**Problem description:** Search the entries for the word "Work". Copy each line in which it is found.

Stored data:
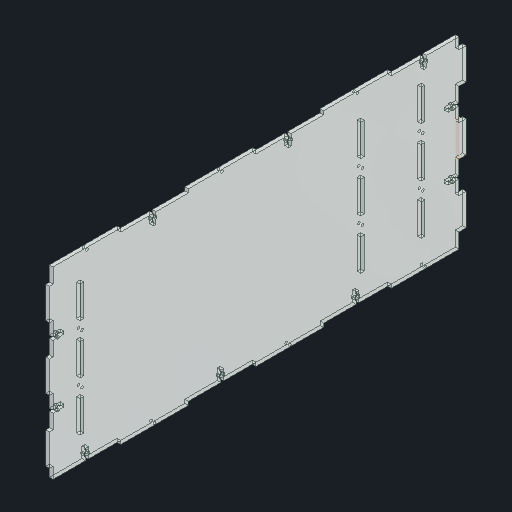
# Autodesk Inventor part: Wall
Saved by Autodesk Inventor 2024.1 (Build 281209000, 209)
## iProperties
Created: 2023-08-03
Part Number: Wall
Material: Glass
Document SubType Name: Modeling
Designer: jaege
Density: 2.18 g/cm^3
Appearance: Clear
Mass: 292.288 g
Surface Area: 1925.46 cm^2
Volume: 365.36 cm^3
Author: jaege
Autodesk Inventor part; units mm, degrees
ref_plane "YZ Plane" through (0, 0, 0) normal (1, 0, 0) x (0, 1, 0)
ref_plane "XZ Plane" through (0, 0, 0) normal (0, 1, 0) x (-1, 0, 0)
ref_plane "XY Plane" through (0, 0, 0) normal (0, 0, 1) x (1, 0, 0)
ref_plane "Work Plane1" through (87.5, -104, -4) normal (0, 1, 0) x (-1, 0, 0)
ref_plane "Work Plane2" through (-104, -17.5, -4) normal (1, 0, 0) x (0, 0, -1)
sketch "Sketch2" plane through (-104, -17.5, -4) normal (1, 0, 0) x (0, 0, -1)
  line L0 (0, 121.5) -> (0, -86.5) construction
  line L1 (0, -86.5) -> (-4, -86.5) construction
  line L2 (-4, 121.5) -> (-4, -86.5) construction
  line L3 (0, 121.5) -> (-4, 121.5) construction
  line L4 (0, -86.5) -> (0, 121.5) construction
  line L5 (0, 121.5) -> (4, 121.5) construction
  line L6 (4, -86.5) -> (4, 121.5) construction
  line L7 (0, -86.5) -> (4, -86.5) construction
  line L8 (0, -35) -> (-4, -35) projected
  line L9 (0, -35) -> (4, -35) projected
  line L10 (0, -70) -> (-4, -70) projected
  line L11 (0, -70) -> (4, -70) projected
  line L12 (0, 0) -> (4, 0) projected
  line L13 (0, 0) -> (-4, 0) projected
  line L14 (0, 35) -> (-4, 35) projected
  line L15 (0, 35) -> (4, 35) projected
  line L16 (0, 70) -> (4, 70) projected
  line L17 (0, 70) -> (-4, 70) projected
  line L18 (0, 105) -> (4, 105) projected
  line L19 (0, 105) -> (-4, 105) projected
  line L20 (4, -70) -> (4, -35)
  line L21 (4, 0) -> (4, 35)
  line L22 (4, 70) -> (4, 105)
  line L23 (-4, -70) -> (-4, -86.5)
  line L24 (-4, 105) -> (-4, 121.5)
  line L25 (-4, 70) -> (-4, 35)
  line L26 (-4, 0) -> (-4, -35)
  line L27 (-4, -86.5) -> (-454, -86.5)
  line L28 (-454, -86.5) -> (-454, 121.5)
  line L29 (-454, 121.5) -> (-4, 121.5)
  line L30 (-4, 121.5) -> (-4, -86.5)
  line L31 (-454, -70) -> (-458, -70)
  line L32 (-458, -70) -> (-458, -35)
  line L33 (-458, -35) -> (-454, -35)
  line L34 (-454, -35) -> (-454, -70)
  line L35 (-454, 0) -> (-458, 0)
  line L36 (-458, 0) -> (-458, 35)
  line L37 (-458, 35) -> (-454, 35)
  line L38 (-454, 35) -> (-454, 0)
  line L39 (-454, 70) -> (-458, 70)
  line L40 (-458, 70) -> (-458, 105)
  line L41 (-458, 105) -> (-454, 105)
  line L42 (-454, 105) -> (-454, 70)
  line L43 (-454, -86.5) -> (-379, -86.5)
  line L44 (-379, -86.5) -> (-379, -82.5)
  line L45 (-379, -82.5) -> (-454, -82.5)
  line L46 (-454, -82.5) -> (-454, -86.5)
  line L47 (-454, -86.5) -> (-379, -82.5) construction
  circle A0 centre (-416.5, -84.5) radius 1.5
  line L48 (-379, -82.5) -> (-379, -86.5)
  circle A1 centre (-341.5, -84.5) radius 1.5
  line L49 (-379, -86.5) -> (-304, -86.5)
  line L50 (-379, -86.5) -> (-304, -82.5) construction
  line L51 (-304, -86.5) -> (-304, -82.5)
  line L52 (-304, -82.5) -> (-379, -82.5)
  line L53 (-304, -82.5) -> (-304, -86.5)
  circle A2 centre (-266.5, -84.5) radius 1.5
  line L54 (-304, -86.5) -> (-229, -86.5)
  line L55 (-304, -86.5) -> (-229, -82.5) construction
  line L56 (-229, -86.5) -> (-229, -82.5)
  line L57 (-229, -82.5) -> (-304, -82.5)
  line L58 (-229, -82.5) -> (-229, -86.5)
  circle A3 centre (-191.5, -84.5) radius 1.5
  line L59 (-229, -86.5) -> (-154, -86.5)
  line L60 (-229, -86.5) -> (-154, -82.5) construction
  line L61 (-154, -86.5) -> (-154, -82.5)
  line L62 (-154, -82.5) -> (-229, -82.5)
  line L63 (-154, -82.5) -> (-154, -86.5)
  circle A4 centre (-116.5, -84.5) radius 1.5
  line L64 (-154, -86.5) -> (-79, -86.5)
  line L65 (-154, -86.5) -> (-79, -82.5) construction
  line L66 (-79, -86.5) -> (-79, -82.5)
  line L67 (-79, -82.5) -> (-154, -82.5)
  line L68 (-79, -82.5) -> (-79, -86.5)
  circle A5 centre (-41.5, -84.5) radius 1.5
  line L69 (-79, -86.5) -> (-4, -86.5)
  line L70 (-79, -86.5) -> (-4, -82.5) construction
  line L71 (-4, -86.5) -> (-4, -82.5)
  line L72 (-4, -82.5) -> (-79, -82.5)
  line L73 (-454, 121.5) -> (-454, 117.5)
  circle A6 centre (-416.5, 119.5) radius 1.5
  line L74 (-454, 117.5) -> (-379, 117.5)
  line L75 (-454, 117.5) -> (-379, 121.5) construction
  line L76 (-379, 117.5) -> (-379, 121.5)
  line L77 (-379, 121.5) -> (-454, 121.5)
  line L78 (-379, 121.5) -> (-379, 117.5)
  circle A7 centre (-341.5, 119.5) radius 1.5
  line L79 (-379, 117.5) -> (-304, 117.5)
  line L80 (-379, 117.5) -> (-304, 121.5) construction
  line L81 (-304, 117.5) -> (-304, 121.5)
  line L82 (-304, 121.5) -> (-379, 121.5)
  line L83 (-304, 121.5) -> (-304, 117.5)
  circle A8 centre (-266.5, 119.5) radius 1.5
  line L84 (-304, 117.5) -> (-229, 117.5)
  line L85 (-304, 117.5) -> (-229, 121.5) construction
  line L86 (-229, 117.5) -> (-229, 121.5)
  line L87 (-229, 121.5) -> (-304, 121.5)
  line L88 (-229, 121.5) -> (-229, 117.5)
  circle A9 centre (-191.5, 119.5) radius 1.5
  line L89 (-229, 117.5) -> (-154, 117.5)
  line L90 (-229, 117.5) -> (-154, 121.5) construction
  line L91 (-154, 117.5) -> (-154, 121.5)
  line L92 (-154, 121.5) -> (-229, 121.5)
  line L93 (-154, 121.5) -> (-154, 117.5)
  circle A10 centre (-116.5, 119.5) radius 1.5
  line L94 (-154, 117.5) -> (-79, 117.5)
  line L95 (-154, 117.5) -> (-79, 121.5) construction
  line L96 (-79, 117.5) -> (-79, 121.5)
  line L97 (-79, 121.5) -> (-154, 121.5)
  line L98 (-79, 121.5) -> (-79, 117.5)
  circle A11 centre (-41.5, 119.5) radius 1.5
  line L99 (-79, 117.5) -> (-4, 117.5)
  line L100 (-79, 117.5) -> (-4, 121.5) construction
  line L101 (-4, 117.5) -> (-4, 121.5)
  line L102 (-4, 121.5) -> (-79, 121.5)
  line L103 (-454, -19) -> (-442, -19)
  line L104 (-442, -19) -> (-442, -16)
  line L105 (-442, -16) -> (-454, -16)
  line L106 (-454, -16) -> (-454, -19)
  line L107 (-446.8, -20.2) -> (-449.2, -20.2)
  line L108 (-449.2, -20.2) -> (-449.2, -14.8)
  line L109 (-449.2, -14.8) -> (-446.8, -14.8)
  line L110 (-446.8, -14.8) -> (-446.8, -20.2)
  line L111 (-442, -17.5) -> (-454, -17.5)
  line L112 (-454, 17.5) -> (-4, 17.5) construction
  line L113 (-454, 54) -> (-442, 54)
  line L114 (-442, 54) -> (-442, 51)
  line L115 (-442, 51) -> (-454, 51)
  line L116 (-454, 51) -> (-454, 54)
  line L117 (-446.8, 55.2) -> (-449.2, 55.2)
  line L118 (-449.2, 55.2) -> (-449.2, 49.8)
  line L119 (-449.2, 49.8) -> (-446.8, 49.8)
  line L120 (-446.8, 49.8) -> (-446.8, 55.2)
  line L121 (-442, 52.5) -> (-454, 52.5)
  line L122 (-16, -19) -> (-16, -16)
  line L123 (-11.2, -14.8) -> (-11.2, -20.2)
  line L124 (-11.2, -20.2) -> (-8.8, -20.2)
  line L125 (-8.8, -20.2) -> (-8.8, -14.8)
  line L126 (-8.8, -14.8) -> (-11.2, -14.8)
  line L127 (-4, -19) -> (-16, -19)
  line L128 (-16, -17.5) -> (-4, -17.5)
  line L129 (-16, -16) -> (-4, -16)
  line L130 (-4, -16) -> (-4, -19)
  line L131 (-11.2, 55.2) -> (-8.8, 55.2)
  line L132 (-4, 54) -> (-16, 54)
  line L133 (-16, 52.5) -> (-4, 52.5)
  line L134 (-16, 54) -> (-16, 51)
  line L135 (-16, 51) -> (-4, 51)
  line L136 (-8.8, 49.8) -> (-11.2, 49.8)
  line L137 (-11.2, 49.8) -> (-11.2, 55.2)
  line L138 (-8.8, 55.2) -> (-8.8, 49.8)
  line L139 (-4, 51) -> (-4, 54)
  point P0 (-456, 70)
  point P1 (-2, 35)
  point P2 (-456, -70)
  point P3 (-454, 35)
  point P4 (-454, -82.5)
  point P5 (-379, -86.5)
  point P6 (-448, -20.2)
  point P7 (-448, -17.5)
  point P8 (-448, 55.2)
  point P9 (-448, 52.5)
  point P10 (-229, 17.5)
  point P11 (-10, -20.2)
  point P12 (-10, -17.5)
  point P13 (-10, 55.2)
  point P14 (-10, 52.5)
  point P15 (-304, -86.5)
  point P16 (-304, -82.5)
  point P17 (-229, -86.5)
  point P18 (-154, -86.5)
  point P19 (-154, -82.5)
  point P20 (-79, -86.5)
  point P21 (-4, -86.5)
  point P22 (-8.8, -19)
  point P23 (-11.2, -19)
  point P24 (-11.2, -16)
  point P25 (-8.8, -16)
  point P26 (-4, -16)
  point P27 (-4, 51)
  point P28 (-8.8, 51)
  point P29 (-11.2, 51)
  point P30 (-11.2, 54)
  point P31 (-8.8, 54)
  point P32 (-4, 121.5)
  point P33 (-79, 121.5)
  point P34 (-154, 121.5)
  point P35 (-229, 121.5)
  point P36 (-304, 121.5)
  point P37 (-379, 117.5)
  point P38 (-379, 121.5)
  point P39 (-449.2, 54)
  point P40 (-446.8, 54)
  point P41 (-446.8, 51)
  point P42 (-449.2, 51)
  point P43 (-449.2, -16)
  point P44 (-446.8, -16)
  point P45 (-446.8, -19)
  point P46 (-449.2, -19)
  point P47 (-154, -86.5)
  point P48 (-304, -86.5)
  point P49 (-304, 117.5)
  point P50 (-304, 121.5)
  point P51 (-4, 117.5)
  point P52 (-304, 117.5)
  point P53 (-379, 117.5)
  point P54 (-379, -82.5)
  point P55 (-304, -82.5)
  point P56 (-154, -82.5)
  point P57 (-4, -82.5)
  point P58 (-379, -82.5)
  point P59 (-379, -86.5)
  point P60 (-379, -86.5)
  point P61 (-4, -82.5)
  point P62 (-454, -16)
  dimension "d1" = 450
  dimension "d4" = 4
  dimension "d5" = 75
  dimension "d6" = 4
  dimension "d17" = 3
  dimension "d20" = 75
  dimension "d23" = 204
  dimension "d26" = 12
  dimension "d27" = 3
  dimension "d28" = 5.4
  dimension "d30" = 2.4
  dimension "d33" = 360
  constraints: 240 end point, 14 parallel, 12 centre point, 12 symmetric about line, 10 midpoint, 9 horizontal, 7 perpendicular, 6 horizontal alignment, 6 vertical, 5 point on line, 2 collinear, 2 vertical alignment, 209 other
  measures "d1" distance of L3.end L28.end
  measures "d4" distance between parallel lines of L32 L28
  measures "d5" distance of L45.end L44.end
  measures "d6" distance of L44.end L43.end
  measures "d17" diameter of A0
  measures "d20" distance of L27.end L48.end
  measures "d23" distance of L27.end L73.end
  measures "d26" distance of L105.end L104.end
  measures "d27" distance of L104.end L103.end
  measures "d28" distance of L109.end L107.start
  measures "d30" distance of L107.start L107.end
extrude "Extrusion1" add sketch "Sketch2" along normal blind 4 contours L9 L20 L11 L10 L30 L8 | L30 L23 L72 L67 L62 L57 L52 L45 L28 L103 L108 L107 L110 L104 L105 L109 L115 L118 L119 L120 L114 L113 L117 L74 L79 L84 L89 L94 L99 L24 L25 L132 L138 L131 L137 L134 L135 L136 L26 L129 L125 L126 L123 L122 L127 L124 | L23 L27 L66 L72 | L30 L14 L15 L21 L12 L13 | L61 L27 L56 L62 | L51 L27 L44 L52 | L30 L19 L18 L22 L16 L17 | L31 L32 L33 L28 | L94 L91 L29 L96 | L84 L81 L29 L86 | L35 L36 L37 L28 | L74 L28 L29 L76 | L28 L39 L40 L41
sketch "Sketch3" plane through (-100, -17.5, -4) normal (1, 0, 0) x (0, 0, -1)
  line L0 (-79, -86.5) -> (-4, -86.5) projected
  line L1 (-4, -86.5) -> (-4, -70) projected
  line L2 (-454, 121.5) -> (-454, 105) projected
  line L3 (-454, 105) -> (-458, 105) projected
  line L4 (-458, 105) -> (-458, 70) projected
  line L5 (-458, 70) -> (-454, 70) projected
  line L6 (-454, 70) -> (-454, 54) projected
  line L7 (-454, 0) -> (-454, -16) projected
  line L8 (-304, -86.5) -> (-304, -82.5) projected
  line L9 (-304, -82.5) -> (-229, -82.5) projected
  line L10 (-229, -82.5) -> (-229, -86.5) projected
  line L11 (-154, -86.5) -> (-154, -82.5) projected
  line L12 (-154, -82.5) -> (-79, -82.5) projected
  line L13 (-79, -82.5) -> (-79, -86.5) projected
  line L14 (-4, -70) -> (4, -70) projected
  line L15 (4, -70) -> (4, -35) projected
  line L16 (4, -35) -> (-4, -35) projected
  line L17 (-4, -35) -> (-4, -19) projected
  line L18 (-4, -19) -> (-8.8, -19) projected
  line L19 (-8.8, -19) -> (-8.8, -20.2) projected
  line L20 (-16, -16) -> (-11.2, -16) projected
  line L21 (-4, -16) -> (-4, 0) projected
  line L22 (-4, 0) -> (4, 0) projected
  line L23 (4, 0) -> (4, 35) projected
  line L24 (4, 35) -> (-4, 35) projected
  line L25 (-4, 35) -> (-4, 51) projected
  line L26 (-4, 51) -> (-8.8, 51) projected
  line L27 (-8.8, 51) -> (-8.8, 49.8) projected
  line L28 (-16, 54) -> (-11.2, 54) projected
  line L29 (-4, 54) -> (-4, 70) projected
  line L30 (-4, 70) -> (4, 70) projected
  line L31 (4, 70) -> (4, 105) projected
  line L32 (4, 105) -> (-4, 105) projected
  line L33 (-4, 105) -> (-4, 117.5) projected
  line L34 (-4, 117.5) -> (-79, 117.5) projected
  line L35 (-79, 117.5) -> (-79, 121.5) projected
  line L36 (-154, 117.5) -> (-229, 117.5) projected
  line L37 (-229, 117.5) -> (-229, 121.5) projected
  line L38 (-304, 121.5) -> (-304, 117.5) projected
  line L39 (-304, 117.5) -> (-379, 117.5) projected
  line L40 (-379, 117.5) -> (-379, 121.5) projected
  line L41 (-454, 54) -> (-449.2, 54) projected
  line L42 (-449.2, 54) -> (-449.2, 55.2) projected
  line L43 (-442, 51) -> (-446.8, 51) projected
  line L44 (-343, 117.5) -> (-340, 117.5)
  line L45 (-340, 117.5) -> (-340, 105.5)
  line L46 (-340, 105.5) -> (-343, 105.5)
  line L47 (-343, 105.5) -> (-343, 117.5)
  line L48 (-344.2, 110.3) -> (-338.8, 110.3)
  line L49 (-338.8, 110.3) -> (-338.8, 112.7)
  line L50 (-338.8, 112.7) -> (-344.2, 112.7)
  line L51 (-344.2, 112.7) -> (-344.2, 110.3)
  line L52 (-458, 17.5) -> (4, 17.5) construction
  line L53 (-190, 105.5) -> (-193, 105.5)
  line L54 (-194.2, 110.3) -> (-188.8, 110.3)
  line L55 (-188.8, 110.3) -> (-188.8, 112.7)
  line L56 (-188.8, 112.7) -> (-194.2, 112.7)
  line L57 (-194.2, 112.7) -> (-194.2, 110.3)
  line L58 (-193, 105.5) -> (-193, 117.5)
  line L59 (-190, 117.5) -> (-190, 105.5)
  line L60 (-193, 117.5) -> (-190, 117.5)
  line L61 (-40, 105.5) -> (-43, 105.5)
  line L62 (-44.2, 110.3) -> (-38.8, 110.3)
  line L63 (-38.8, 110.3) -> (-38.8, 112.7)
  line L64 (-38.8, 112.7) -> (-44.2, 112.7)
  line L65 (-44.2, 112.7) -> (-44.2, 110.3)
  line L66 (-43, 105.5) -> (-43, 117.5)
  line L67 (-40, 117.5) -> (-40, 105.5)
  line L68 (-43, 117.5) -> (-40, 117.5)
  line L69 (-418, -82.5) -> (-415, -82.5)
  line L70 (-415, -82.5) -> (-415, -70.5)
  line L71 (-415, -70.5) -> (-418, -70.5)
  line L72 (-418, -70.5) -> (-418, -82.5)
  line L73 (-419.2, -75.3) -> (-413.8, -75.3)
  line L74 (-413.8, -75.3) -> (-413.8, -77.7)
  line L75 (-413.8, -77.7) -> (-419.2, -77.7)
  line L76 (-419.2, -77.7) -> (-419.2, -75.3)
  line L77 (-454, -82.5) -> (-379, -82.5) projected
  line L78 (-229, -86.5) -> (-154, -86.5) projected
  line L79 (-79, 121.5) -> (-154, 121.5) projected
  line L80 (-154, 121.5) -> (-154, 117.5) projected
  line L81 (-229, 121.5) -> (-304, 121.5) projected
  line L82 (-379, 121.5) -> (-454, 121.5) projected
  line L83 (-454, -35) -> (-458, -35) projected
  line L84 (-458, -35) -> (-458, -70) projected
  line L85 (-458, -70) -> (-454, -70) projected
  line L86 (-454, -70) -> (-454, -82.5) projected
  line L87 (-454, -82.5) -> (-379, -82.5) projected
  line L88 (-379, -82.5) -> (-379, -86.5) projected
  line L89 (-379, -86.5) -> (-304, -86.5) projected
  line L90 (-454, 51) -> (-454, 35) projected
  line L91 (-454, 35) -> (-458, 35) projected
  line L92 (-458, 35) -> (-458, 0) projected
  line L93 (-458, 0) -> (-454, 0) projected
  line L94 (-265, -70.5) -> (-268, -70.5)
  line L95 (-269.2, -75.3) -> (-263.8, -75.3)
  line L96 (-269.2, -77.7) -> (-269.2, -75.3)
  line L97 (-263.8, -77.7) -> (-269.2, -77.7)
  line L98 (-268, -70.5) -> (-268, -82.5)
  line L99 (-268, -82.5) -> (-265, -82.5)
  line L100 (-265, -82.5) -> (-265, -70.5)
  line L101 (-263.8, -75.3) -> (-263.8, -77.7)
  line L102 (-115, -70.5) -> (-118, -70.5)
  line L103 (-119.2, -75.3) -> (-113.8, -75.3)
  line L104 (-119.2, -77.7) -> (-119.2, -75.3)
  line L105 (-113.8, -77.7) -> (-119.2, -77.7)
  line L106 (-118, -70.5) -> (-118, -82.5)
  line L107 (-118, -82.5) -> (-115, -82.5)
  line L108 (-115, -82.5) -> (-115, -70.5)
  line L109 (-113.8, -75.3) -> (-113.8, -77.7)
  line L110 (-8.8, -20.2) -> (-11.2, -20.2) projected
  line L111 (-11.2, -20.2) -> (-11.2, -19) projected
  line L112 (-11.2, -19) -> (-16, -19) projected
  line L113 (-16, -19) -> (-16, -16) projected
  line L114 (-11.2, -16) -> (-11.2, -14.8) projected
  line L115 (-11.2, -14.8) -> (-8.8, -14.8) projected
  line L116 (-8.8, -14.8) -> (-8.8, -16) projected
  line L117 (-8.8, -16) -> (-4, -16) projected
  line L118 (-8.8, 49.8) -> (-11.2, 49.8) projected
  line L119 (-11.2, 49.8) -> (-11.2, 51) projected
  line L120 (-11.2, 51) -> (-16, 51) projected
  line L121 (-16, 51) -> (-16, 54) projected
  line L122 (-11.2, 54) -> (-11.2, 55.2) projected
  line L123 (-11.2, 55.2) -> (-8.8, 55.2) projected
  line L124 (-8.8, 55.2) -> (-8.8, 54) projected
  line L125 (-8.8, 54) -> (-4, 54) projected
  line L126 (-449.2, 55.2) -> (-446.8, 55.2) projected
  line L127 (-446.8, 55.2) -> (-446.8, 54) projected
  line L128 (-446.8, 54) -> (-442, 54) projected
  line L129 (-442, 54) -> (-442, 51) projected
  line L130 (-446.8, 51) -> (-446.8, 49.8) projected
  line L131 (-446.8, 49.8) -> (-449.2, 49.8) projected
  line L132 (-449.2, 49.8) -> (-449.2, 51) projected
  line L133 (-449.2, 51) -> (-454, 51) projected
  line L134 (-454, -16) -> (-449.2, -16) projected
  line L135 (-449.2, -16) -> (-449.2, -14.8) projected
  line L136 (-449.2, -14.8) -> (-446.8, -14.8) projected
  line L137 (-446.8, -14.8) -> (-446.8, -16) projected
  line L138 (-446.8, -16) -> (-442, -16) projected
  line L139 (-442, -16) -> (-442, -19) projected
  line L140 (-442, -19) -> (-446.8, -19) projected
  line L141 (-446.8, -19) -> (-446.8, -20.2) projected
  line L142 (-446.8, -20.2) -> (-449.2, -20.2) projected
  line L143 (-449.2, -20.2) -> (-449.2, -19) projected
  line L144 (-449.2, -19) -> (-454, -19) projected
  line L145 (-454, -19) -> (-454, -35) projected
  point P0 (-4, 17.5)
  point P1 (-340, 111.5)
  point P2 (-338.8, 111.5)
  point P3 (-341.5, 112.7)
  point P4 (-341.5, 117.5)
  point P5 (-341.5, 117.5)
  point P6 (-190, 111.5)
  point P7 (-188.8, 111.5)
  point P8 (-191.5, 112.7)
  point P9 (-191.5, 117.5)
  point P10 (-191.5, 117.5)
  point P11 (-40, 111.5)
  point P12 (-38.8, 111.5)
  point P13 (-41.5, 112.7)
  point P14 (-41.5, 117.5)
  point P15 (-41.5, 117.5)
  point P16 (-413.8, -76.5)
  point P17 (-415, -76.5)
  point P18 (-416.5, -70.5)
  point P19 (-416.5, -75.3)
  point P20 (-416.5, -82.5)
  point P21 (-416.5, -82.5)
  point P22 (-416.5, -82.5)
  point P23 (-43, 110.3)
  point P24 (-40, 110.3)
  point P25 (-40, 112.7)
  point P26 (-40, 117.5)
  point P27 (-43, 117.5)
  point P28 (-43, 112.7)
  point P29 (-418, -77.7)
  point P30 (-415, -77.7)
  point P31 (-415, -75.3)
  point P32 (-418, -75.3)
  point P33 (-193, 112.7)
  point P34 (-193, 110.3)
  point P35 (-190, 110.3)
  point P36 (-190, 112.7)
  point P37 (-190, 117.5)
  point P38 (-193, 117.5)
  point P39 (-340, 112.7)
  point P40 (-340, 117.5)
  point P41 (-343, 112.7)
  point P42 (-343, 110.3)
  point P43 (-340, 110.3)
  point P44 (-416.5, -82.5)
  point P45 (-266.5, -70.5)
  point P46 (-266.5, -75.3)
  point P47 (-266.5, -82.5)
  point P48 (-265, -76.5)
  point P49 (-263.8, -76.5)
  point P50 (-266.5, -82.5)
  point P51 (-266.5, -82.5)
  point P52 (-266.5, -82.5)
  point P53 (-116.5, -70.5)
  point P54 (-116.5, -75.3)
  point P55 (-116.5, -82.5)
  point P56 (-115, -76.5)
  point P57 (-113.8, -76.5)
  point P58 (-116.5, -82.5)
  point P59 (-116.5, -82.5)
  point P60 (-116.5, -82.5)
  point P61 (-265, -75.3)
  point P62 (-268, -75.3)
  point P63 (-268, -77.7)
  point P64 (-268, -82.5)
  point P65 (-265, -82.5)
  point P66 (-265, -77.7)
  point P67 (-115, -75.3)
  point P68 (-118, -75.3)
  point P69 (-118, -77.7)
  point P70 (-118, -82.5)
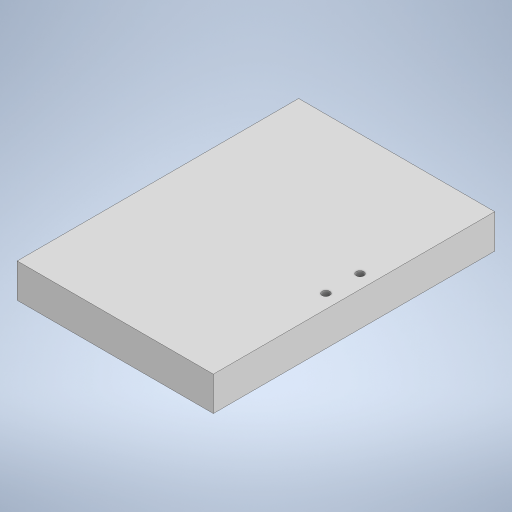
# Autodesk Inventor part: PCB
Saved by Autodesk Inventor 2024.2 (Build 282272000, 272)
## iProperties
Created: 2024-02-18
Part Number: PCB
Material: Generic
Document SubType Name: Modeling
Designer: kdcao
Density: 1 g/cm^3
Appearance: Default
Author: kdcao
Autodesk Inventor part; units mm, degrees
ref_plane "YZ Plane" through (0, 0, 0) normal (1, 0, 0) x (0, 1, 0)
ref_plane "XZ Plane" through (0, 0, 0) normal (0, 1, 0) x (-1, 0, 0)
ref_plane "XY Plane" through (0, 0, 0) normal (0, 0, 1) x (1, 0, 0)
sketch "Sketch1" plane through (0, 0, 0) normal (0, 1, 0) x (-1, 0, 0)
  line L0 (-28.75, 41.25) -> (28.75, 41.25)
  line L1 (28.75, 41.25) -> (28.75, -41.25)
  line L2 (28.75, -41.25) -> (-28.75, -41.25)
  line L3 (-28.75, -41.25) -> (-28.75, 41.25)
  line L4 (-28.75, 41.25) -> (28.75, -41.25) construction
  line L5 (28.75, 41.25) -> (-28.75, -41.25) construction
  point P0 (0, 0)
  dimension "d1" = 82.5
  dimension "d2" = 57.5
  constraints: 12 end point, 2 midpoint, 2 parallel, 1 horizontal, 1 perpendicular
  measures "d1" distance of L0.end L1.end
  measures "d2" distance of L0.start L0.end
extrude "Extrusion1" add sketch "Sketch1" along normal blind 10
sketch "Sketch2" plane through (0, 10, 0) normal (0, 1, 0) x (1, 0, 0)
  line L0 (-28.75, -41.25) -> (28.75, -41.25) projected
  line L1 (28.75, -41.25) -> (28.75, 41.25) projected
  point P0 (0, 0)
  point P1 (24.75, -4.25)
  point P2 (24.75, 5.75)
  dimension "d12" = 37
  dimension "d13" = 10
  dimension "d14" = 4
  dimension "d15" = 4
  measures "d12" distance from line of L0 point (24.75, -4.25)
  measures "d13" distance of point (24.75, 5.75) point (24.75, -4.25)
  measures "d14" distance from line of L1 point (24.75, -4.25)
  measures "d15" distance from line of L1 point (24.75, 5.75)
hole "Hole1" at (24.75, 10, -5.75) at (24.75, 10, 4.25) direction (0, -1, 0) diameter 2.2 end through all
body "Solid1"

**Written solution:**
ref_plane "Work Plane1" through (87.5, -104, -4) normal (0, 1, 0) x (-1, 0, 0)
ref_plane "Work Plane2" through (-104, -17.5, -4) normal (1, 0, 0) x (0, 0, -1)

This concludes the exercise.